• Kids Birthday Party Etiquette: Kids Left Starving and Miserable

    kids birthday party etiquette kids left starving miserable

    I’m not even sure where to start with this post. So just bear with me as I’m trying to put my thoughts into words. It is a bit of a difficult subject to deal with especially if your child has been on the receiving end.

    I’m still a bit perturbed by what transpired.

    Now before I continue, let me just mention that I come from a family culture who loves food and entertaining. My mom taught us that you never let someone leave your house without offering them something to eat and drink. It is up to them whether they accept the offer or not.

    There is nothing worse than hosting a party and your guests end up leaving miserable, tired and hungry.

    About a week ago my youngest daughter received an invitation for a school friend’s birthday party.  The invitation stated that the party would be at their house and the time of the party would be from 13h00 till 16h30.

    With parties scheduled from 14h00; we usually give our girls something light to eat at home before they head off to a party. This particular Saturday things were a bit rushed. After breakfast we headed off to the shops to get a gift, ran a few errands and headed back home so that she could get dressed for the party. So basically she only had breakfast and snacked on some biltong.

    When I asked her if she wanted to eat something, she indicated that she wasn’t hungry and said “well there will be food at the party so I’ll nibble on something there if I get hungry“.

    As my girls are older, all their parties are drop off and go unless specified on the invitation that parents are welcome to stay. Even so, we usually just drop off and go – and that’s what we did with this particular party.

    After a time lapse duration of 3.5 hours; I collected her from the party at 16h30. On leaving, she received a party favor bag filled with sweets and a slice of birthday cake.

    The minute she put her foot into the car, she was cranky. The poor soul was so hungry. On our way we had to stop at McDonalds just to get her something to eat. Although not a healthy balanced meal, I just had to get her something as she was an emotional wreck. She scoffed that burger as if she didn’t eat for days. To our surprise, we noticed two other children who attended the same party and their parents entering McDonalds – they too were starving and their parents looked at us and just shrugged their shoulders.

    After being satisfied, she said with so much disappointment in her voice: “there was only water and juice on the table – nothing else. We just played games all the time. Even if they just had a bowl of fruit, carrot and celery sticks – we would’ve been happy.”

    Not wanting to show my child that I was actually upset and promote negativity; I told her that “not everyone hosts parties the same way.”  There was actually nothing else I could say to justify the reasoning behind not serving food as I didn’t have the answers.

    Let me tell you why this is upsetting me. Firstly, if you plan to host a children’s party, it should ultimately be about your child and his/her friends and not about what the parents want.

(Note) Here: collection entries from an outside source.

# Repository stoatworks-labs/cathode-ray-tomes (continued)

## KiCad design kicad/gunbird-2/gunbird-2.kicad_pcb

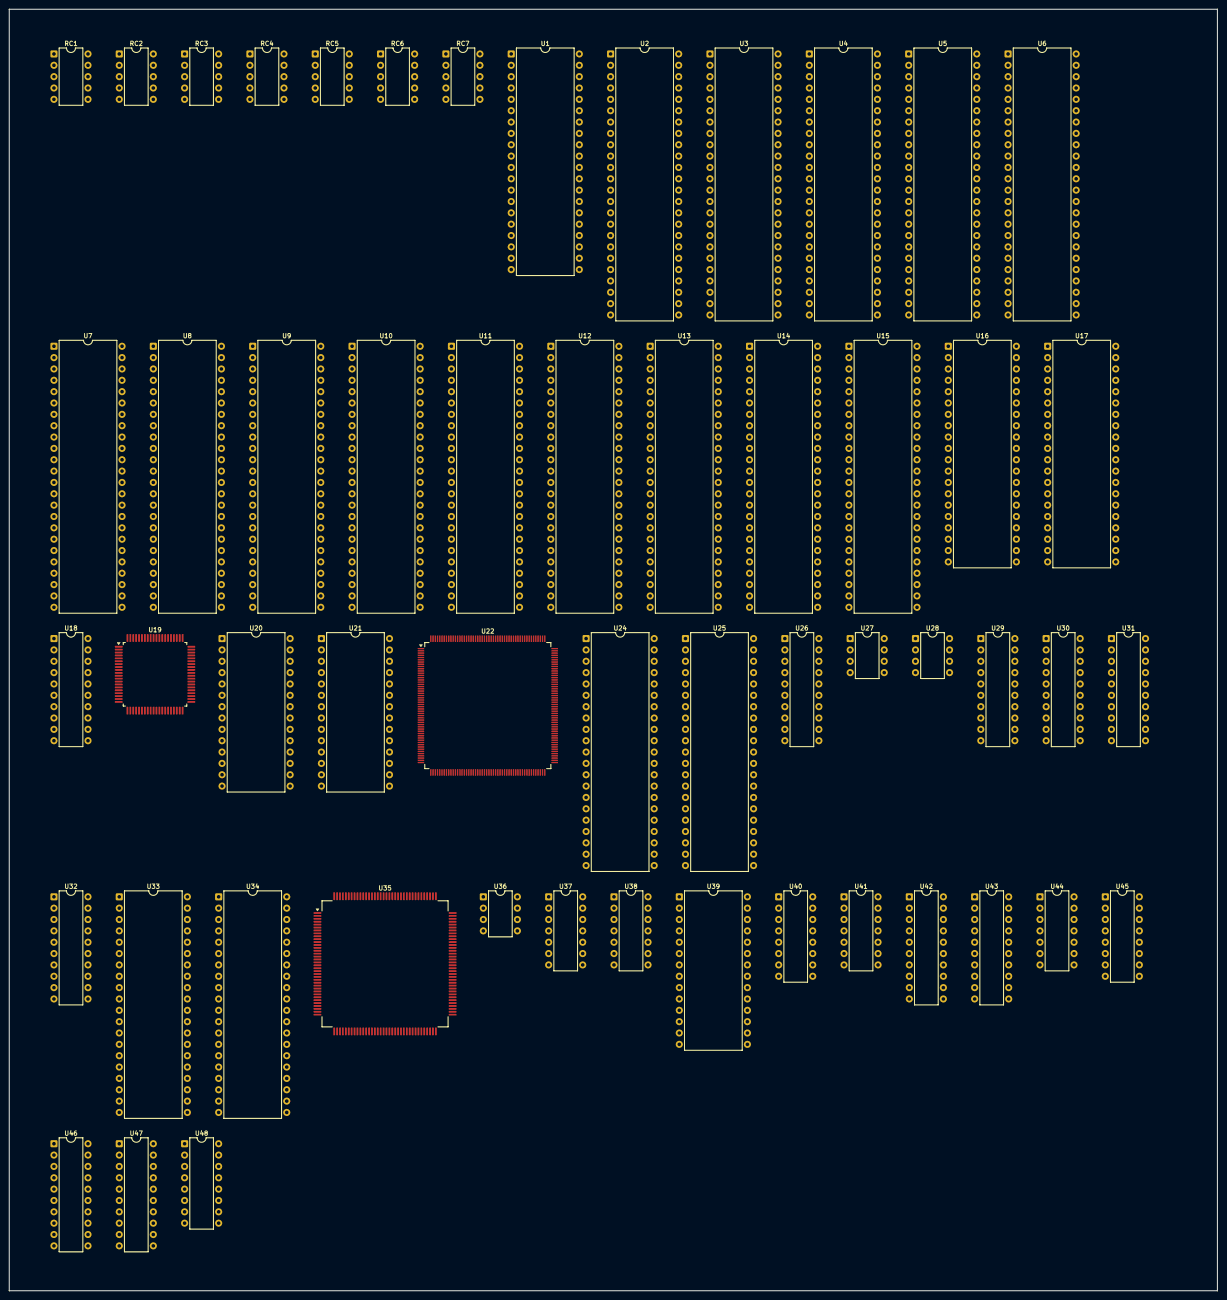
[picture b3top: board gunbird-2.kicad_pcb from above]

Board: 2 copper layers, 270.4 x 286.8 mm, 54 parts (0 on the bottom side), 309 nets, no tracks yet.

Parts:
RC1, RC2, RC3, RC4, RC5, RC6, RC7: RCx9; DIP-10_W7.62mm
U1, U16, U17: M27C4002; DIP-40_W15.24mm
U2, U3, U4, U5, U6, U7, U8, U9, U10, U11, U12, U13, U14, U15: LHMN5KUG-9835-38; DIP-48_W15.24mm
U18: PALACE16V8H-25; DIP-20_W7.62mm
U19: YMF278B-F; PQFP-80_14x14mm_P0.65mm
U20, U21: GLT725608-12J3; DIP-28_W15.24mm
U22: PS6406B_9808OAFB; PQFP-208_28x28mm_P0.5mm
U24, U25: OKI-HM51161-60AJ; DIP-42_W15.24mm
U26: 74LS273; DIP-20_W7.62mm
U27: 93C56X; DIP-8_W7.62mm
U28: 93LC56; DIP-8_W7.62mm
U29, U30, U31, U32, U42, U43, U46, U47: 74LS244; DIP-20_W7.62mm
U33, U34: OKI-M514260C-60J; DIP-40_W15.24mm
U35: HD6417604F28_SH2; PQFP-144_28x28mm_P0.65mm
U36: MB3771; DIP-8_W7.62mm
U37: 74LS08; DIP-14_W7.62mm
U38: 74LS14; DIP-14_W7.62mm
U39: YAC516-M; DIP-28_W15.24mm
U40: 74LS138; DIP-16_W7.62mm
U41: 74LS32; DIP-14_W7.62mm
U44: 4741-JCR; DIP-14_W7.62mm
U45: YAC513-M; DIP-16_W7.62mm
U48: HA13118; DIP-16_W7.62mm

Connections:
/2P_RIGHT: RC5.4, RC6.2
/CPU-~RD: U1.20, U2.14, U16.20, U17.20, U19.5, U22.33, U35.87, U41.12
/CPU_A0: U19.1, U35.30, U40.1
/MA0: U9.31, U19.52
/MA1: U9.11, U19.54
/MA2: U9.10, U19.57
/MA3: U9.9, U19.59
/MA4: U9.8, U19.61
/MA5: U9.7, U19.63
/MA6: U9.6, U19.67
/MA7: U9.5, U19.69
/MA8: U9.4, U19.70
/MA9: U9.42, U19.68
/MA10: U9.41, U19.64
/MA11: U9.40, U19.62
/MA12: U9.39, U19.60
/MA13: U9.38, U19.58
/MA14: U9.37, U19.56
/MA15: U9.36, U19.53
/MA16: U9.35, U19.51
/MA17: U9.34, U19.71
/MA18: U9.3, U19.73
/MA19: U9.2, U19.74
/MA20: U9.43, U19.75
/MAIN_A1: U1.21, U2.11, U19.2, U22.52, U35.31, U40.2
/MAIN_A2: U1.22, U2.10, U16.21, U17.21, U19.3, U22.51, U35.32, U40.3
/MAIN_A3: U1.23, U2.9, U16.22, U17.22, U22.50, U35.34
/MAIN_A4: U1.24, U2.8, U16.23, U17.23, U22.49, U35.35
/MAIN_A5: U1.25, U2.7, U16.24, U17.24, U22.48, U35.36
/MAIN_A6: U1.26, U2.6, U16.25, U17.25, U22.47, U35.37
/MAIN_A7: U1.27, U2.5, U16.26, U17.26, U22.46, U35.38
/MAIN_A8: U1.28, U2.4, U16.27, U17.27, U22.45, U35.39
/MAIN_A9: U1.29, U2.42, U16.28, U17.28, U22.44, U35.41
/MAIN_A10: U1.31, U2.41, U16.29, U17.29, U22.43, U35.43
/MAIN_A11: U1.32, U2.40, U16.31, U17.31, U22.41, U35.44
/MAIN_A12: U1.33, U2.39, U16.32, U17.32, U22.40, U35.45
/MAIN_A13: U1.34, U2.38, U16.33, U17.33, U22.39, U35.46
/MAIN_A14: U1.35, U2.37, U16.34, U17.34, U22.38, U35.47
/MAIN_A15: U1.36, U2.36, U16.35, U17.35, U22.37, U35.49
/MAIN_A16: U1.37, U2.35, U16.36, U17.36, U22.36, U35.51
/MAIN_A17: U1.38, U2.34, U16.37, U17.37, U22.35, U35.52
/MAIN_A18: U1.39, U2.3, U16.38, U17.38, U22.34, U35.53
/MAIN_A19: U2.2, U16.39, U35.55
/MAIN_A20: U2.43, U18.1, U35.57
/MAIN_A21: U2.44, U18.2, U35.58
/MAIN_A22: U2.1, U18.3, U35.59
/MAIN_A23: U18.4, U35.61
/MAIN_A24: U18.5, U35.63
/MAIN_D0: U1.19, U2.15, U16.19, U19.10, U22.20, U24.2, U26.3, U29.18, U33.2, U35.130, U42.18, U43.18, U46.18, U47.18
/MAIN_D1: U1.18, U2.17, U16.18, U19.11, U22.19, U24.3, U26.4, U29.16, U33.3, U35.131, U42.16, U43.16, U46.16, U47.16
/MAIN_D2: U1.17, U2.19, U16.17, U19.12, U22.18, U24.4, U26.7, U29.14, U33.4, U35.133, U42.14, U43.14, U46.14, U47.14
/MAIN_D3: U1.16, U2.21, U16.16, U19.13, U22.17, U24.5, U26.8, U29.12, U33.5, U35.135, U42.12, U43.12, U46.12, U47.12
/MAIN_D4: U1.15, U2.24, U16.15, U19.14, U22.15, U24.7, U26.13, U29.9, U33.7, U35.136, U42.9, U43.9, U46.9, U47.9
/MAIN_D5: U1.14, U2.26, U16.14, U19.15, U22.14, U24.8, U26.14, U29.7, U33.8, U35.137, U42.7, U43.7, U46.7, U47.7
/MAIN_D6: U1.13, U2.28, U16.13, U19.16, U22.12, U24.9, U26.17, U29.5, U33.9, U35.138, U42.5, U43.5, U46.5, U47.5
/MAIN_D7: U1.12, U2.30, U16.12, U19.17, U22.11, U24.10, U26.18, U29.3, U33.10, U35.140, U42.3, U43.3, U46.3, U47.3
/MAIN_D8: U1.10, U2.16, U16.10, U22.10, U24.33, U33.31, U35.142
/MAIN_D9: U1.9, U2.18, U16.9, U22.9, U24.34, U33.32, U35.143
/MAIN_D10: U1.8, U2.20, U16.8, U22.8, U24.35, U33.33, U35.144
/MAIN_D11: U1.7, U2.22, U16.7, U22.7, U24.36, U33.34, U35.1
/MAIN_D12: U1.6, U2.25, U16.6, U22.5, U24.38, U33.36, U35.2
/MAIN_D13: U1.5, U2.27, U16.5, U22.4, U24.39, U33.37, U35.3
/MAIN_D14: U1.4, U2.29, U16.4, U22.3, U24.40, U33.38, U35.5
/MAIN_D15: U1.3, U2.31, U16.3, U22.2, U24.41, U33.39, U35.7
/MAIN_D16: U17.19, U25.2, U34.2, U35.8
/MAIN_D17: U17.18, U25.3, U34.3, U35.9
/MAIN_D18: U17.17, U25.4, U34.4, U35.10
/MAIN_D19: U17.16, U25.5, U34.5, U35.11
/MAIN_D20: U17.15, U25.7, U34.7, U35.13
/MAIN_D21: U17.14, U25.8, U34.8, U35.15
/MAIN_D22: U17.13, U25.9, U34.9, U35.16
/MAIN_D23: U17.12, U25.10, U34.10, U35.17
/MAIN_D24: U17.10, U25.33, U34.31, U35.19
/MAIN_D25: U17.9, U25.34, U34.32, U35.21
/MAIN_D26: U17.8, U25.35, U34.33, U35.22
/MAIN_D27: U17.7, U25.36, U34.34, U35.23
/MAIN_D28: U17.6, U25.38, U34.36, U35.25
/MAIN_D29: U17.5, U25.39, U34.37, U35.27
/MAIN_D30: U17.4, U25.40, U34.38, U35.28
/MAIN_D31: U17.3, U25.41, U34.39, U35.29
/MD0: U9.15, U19.49
/MD1: U9.17, U19.47
/MD2: U9.19, U19.44
/MD3: U9.21, U19.42
/MD4: U9.24, U19.41
/MD5: U9.26, U19.43
/MD6: U9.28, U19.46
/MD7: U9.30, U19.48
/PAL2: U18.14, U22.30
/XI_VC: U22.25, U37.13
/main/FTI: U18.19, U35.99
/main/MD3: U18.18, U35.117
/main/MD4: U18.17, U35.119
/main/MD5: U35.120, U38.1
/main/memories/AD_O4: U40.11, U41.10, U41.13
/main/memories/AR2: U24.17, U25.17, U33.16, U34.16
/main/memories/AR3: U24.18, U25.18, U33.17, U34.17
/main/memories/AR4: U24.19, U25.19, U33.18, U34.18
/main/memories/AR5: U24.20, U25.20, U33.19, U34.19
/main/memories/AR6: U24.23, U25.23, U33.22, U34.22
/main/memories/AR7: U24.24, U25.24, U33.23, U34.23
/main/memories/AR8: U24.25, U25.25, U33.24, U34.24
/main/memories/AR9: U24.26, U25.26, U33.25, U34.25
/main/memories/AR10: U24.27, U25.27, U33.26, U34.26
/main/memories/AR11: U24.28, U25.28
/main/memories/AR12: U24.16, U25.16
/main/memories/AR13: U24.15, U25.15
/main/memories/CLK_AD: U26.11, U41.8
/main/memories/ORG: U26.2, U27.8, U28.6
/main/memories/PAL_4: U18.16, U40.4
/main/memories/Q5: U26.15, U27.5, U28.3, U29.13
/main/memories/Q6: U26.16, U27.4, U28.2, U29.15
/main/memories/Q7: U26.19, U27.3, U28.1, U29.17
/main/memories/~EE: U1.2, U2.12, U18.13
/main/memories/~E: U16.2, U17.2, U18.12
/main/~1P_RD: U40.15, U42.1, U42.19
/main/~2P_RD: U40.14, U43.1, U43.19
/main/~CAB_RD: U40.12, U46.1, U46.19
/main/~CONN7_RD: U40.13, U47.1, U47.19
/main/~CS0: U18.6, U35.72
/main/~CS1: U18.7, U35.73
/main/~CS2: U18.8, U35.74
/main/~RAS: U24.14, U25.14, U33.14, U34.14
/main/~RESET_CPU: U35.122, U37.3
/main/~WR: U18.9, U24.13, U25.13, U33.13, U34.13
/objects/BLUE0: U22.54, U30.2
/objects/BLUE1: U22.55, U30.4
/objects/BLUE2: U22.56, U30.6
/objects/BLUE3: U22.57, U30.8
/objects/BLUE4: U22.58, U30.11
/objects/BLUE5: U22.59, U30.13
/objects/BLUE6: U22.60, U30.15
/objects/BLUE7: U22.61, U30.17
/objects/D0: U10.15, U11.15, U12.15, U13.15, U14.15, U15.15, U22.189
/objects/D1: U10.17, U11.17, U12.17, U13.17, U14.17, U15.17, U22.188
/objects/D2: U10.19, U11.19, U12.19, U13.19, U14.19, U15.19, U22.187
/objects/D3: U10.21, U11.21, U12.21, U13.21, U14.21, U15.21, U22.186
/objects/D4: U10.24, U11.24, U12.24, U13.24, U14.24, U15.24, U22.184
/objects/D5: U10.26, U11.26, U12.26, U13.26, U14.26, U15.26, U22.183
/objects/D6: U10.28, U11.28, U12.28, U13.28, U14.28, U15.28, U22.182
/objects/D7: U10.30, U11.30, U12.30, U13.30, U14.30, U15.30, U22.181
/objects/D8: U10.16, U11.16, U12.16, U13.16, U14.16, U15.16, U22.180
/objects/D9: U10.18, U11.18, U12.18, U13.18, U14.18, U15.18, U22.179
/objects/D10: U10.20, U11.20, U12.20, U13.20, U14.20, U15.20, U22.178
/objects/D11: U10.22, U11.22, U12.22, U13.22, U14.22, U15.22, U22.177
/objects/D12: U10.25, U11.25, U12.25, U13.25, U14.25, U15.25, U22.176
/objects/D13: U10.27, U11.27, U12.27, U13.27, U14.27, U15.27, U22.175
/objects/D14: U10.29, U11.29, U12.29, U13.29, U14.29, U15.29, U22.174
/objects/D15: U10.31, U11.31, U12.31, U13.31, U14.31, U15.31, U22.173
/objects/D16: U3.15, U4.15, U5.15, U6.15, U7.15, U8.15, U22.207
/objects/D17: U3.17, U4.17, U5.17, U6.17, U7.17, U8.17, U22.206
/objects/D18: U3.19, U4.19, U5.19, U6.19, U7.19, U8.19, U22.205
/objects/D19: U3.21, U4.21, U5.21, U6.21, U7.21, U8.21, U22.204
/objects/D20: U3.24, U4.24, U5.24, U6.24, U7.24, U8.24, U22.203
/objects/D21: U3.26, U4.26, U5.26, U6.26, U7.26, U8.26, U22.202
/objects/D22: U3.28, U4.28, U5.28, U6.28, U7.28, U8.28, U22.201
/objects/D23: U3.30, U4.30, U5.30, U6.30, U7.30, U8.30, U22.200
/objects/D24: U3.16, U4.16, U5.16, U6.16, U7.16, U8.16, U22.198
/objects/D25: U3.18, U4.18, U5.18, U6.18, U7.18, U8.18, U22.197
/objects/D26: U3.20, U4.20, U5.20, U6.20, U7.20, U8.20, U22.196
/objects/D27: U3.22, U4.22, U5.22, U6.22, U7.22, U8.22, U22.195
/objects/D28: U3.25, U4.25, U5.25, U6.25, U7.25, U8.25, U22.194
/objects/D29: U3.27, U4.27, U5.27, U6.27, U7.27, U8.27, U22.193
/objects/D30: U3.29, U4.29, U5.29, U6.29, U7.29, U8.29, U22.192
/objects/D31: U3.31, U4.31, U5.31, U6.31, U7.31, U8.31, U22.191
/objects/GREEN0: U22.62, U31.2
/objects/GREEN1: U22.63, U31.4
/objects/GREEN2: U22.64, U31.6
/objects/GREEN3: U22.66, U31.8
/objects/GREEN4: U22.67, U31.11
/objects/GREEN5: U22.68, U31.13
/objects/GREEN6: U22.69, U31.15
/objects/GREEN7: U22.70, U31.17
/objects/RAMA0: U20.10, U21.10, U22.110
/objects/RAMA1: U20.9, U21.9, U22.109
/objects/RAMA2: U20.8, U21.8, U22.108
/objects/RAMA3: U20.7, U21.7, U22.107
/objects/RAMA4: U20.6, U21.6, U22.106
/objects/RAMA5: U20.5, U21.5, U22.105
/objects/RAMA6: U20.4, U21.4, U22.103
/objects/RAMA7: U20.3, U21.3, U22.102
/objects/RAMA8: U20.25, U21.25, U22.101
/objects/RAMA9: U20.24, U21.24, U22.100
/objects/RAMA10: U20.21, U21.21, U22.98
/objects/RAMA11: U20.23, U21.23, U22.97
/objects/RAMA12: U20.2, U21.2, U22.95
/objects/RAMA13: U20.26, U21.26, U22.94
/objects/RAMA14: U20.1, U21.1, U22.93
/objects/RAMD0: U21.11, U22.133
/objects/RAMD1: U21.12, U22.132
/objects/RAMD2: U21.13, U22.131
/objects/RAMD3: U21.15, U22.130
/objects/RAMD4: U21.16, U22.129
/objects/RAMD5: U21.17, U22.128
/objects/RAMD6: U21.18, U22.127
/objects/RAMD7: U21.19, U22.126
/objects/RAMD8: U20.11, U22.125
/objects/RAMD9: U20.12, U22.124
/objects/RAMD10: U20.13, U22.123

    Secondly, I’m upset for the fact that my daughter was eagerly anticipating this party just to be highly disappointed at how it turned out.  As a family, we had to deal with her being cranky, grumpy and hungry afterwards.

    Thirdly, what makes it ok to give a sugar overload to take home but not giving any other form of nutrition for 3.5 hours?  Do I really need to pay the price for my child’s sugar-rush behaviour afterwards? I think not!

    So with this in mind, here’s my take on etiquette when hosting a children’s birthday party


    Deciding on having a birthday party for your child requires planning no matter how big or small. Whether you decide to splurge or have a minimal budget – you need to plan.  Involve your child in the planning, to find out what theme he/she wants and who they want to invite. A party doesn’t have to be an extravagant affair, keep it simple but organised. When planned properly, it will be a fun event which will engrave beautiful memories for your child and their young guests.


    Communicate essential information to your guests by stipulating it on the invitation.  Eg. If it’s a dress up party, inform guests that they need to have a costume. If it’s a pool party, specify that they need to bring their swimming costumes and towels.  In this case, the guests should’ve been informed that “no food” will be served at the party. RSVP information and deadlines should be clear.


    Send out invitation at least 2 – 3 weeks before the party. Allowing parents to RSVP in time and  to avoid date clashes. Always put an end time on the invitation.  Be mindful of hosting a party too early in the morning with the venue location being far. This is always an inconvenience for parents to wake up early and to drive a distance. For younger children, parties should be kept to a minimum of 2 hours.

    Food and Drink

    Children typically don’t eat much, however when a party is scheduled over lunch time, party food should be served. Even if it is just light finger snacks for them to nibble on. Consider your guests; it doesn’t mean because your child is a picky eater or can go without food for hours that’s the case with other children. Make sure you cater for those with special dietary requirements and food allergies. Not all children’s eating habits are the same and you need to find a good balance between sweet, savory and healthy snacks. Avoid fizzy drinks with too much sugar and always have water on the table. Ultimately the food needs to be tasty and kid-friendly.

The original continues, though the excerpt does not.